The main thing was getting the research done so that everything that went into the show was either complete fact or interpretable through things we knew to have happened. I had to really balance the artistic licence against what all sources I could find would tell me. Discerning the bias in sources has been a real labour of love, and then balancing character development against the tremendous amount of exposition needed has kept me editing until . . . Well, yesterday, as it happens. The chap playing Richard, Adam Phelan, has been phenomenal and really brought him to life. I'm so glad he's turned out to be such a good casting because I act opposite him playing literally everyone else - Lady Anne, King Edward, The Duke of Buckingham . . . It's been almost as exhausting as it has been exciting getting it up on its feet.
What is it like bringing After Shakespeare: Richard III to the Edinburgh Fringe?
Well, I came last year with After Shakespeare and it was mainly because that did better than we expected - we would've been happy to have broken even, but we sold in the region of 70% of our tickets and got some fabulous reviews - that we decided to return again this year. It was also a challenge for me. I knew I wanted to finish this dratted play I had figured out in my mind, so as soon as we let theSpace know we were returning, I had a deadline which helped me get on with further research and stressing about the fact I now had to have something, that I had to believe was at least good enough. So it's been nerve-wracking, but I'm so glad we've got the thing here.

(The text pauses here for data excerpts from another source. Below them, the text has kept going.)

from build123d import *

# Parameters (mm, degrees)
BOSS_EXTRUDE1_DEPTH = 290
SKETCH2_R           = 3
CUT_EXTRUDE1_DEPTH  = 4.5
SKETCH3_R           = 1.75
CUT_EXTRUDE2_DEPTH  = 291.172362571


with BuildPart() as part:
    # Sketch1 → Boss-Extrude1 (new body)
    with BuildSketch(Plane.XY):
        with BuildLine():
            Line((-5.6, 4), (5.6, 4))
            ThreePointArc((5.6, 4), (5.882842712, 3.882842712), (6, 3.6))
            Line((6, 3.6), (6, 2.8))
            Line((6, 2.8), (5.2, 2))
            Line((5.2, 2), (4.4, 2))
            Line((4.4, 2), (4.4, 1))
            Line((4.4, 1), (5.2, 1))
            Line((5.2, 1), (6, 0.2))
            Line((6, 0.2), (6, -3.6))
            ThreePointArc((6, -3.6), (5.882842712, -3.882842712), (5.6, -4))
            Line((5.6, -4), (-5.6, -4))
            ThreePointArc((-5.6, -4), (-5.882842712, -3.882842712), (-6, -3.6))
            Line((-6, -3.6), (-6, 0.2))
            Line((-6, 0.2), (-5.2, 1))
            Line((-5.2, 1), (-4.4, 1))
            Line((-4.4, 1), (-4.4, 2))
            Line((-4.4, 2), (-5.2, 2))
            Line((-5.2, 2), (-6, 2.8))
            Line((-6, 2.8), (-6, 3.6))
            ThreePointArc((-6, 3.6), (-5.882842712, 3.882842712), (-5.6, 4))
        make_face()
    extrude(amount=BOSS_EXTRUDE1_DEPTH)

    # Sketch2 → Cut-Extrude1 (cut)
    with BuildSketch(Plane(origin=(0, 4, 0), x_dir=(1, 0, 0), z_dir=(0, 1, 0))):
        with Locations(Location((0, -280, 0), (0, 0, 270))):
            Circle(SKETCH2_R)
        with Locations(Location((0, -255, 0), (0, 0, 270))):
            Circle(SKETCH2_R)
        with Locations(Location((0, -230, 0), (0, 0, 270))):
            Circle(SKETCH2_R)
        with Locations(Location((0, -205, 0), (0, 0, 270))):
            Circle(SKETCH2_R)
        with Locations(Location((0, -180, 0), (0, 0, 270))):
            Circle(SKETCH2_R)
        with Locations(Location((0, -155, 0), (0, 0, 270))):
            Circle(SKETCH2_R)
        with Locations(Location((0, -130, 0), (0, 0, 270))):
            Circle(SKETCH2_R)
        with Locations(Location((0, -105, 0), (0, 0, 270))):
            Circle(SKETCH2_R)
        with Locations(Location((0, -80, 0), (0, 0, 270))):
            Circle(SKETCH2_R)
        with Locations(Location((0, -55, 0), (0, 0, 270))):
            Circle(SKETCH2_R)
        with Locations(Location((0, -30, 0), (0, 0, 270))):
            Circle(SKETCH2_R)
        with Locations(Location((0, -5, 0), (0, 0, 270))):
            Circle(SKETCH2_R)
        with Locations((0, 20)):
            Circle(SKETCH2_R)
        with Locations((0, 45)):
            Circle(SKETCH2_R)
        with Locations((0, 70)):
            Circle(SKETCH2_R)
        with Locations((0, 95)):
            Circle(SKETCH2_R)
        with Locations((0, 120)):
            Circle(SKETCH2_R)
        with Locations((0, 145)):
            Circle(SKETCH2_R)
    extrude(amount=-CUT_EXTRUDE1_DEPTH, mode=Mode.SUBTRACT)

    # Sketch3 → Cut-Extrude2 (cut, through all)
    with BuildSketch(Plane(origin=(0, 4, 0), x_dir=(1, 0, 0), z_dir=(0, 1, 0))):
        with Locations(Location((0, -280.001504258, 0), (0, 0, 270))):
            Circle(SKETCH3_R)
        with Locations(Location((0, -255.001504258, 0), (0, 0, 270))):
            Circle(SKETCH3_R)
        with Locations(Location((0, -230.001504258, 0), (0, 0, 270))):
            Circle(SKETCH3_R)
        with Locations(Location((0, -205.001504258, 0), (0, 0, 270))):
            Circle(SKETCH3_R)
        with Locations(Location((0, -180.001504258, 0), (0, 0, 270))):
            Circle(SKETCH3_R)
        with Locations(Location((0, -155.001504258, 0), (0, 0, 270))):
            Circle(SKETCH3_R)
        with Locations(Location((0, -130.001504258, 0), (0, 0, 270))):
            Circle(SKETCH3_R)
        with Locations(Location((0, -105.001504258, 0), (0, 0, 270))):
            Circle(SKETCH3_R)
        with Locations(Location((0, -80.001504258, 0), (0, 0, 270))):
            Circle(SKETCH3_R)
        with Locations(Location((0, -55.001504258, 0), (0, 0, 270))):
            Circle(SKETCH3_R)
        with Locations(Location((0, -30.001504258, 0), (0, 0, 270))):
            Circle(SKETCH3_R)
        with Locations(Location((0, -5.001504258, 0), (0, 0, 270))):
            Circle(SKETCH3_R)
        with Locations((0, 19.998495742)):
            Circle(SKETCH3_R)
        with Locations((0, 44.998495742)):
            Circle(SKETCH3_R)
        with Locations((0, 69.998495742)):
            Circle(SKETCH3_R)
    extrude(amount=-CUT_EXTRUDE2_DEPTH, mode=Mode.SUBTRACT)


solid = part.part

How do you balance not only the real-life history of Richard III but Shakespeare’s interpretation and your own as well?
Funny you ask that - I don't balance Shakespeare's interpretation at all. I think it's been perpetuated too much, and not only is it taken out of context - it's thought that the story was more a contemporary poke at Elizabeth I & James I's Secretary of State, Robert Cecil, who shared Richard's scoliosis condition - but it's ill-informed an awful lot of people about the kind of person Richard was. You also have to remember Shakespeare likely got most of his ideas about Richard from Thomas Moore's account, and don't even get me started on the holes you can poke in that . . . Shakespeare set Richard up as his villain by having him kill someone on a battlefield when he would, in real life, have been about two years old. When you look at a lot of the facts, stripped bare, that we know about Richard, you suddenly find a man who it seems increasingly hard to think was capable of murdering children . . . He'd be far more likely to be overseeing the execution of such a man than to be that man himself. Yet history is written by the victors.
What is it about Shakespeare’s work that you think still draws audiences to it?
With Richard III specifically? Like most of Shakespeare's work, historical inaccuracies aside, it's a wonderful show about a man who is a villain for the sake of being a villain. It's fun to watch. The message always is that karma comes back to get you in the end, and audiences always love a caricature. The rest of his work is beautiful and does what any work that survives the test of time needs to do: it is a dramatic study of human nature and emotions. No matter the language, you can follow it and enjoy it at any age.
What do you hope audiences take away from After Shakespeare: Richard III?
What I would love is to make people question their ideas about Richard III. I want them to go away and undertake their own research, come to their own conclusions and, if nothing else Richard-centric, remind them not to always take at face value the stories they hear without knowing where information has come from. There is so much bias in the world just now, and far too few people questioning anything beyond their own feelings on a subject. But yeah - I hope they appreciate hearing about who this supposed villain may have actually been. I'm still conjecturing stuff here based on what I've found out, but it's likely more accurate than anything they probably believe already.
How would you describe After Shakespeare: Richard III in one word?
Unexpected.
After Shakespeare: Richard III runs from 2 to 24 August (no performance on 11 August) at theSpaceTriplex - Studio at the 2024 Edinburgh Festival Fringe.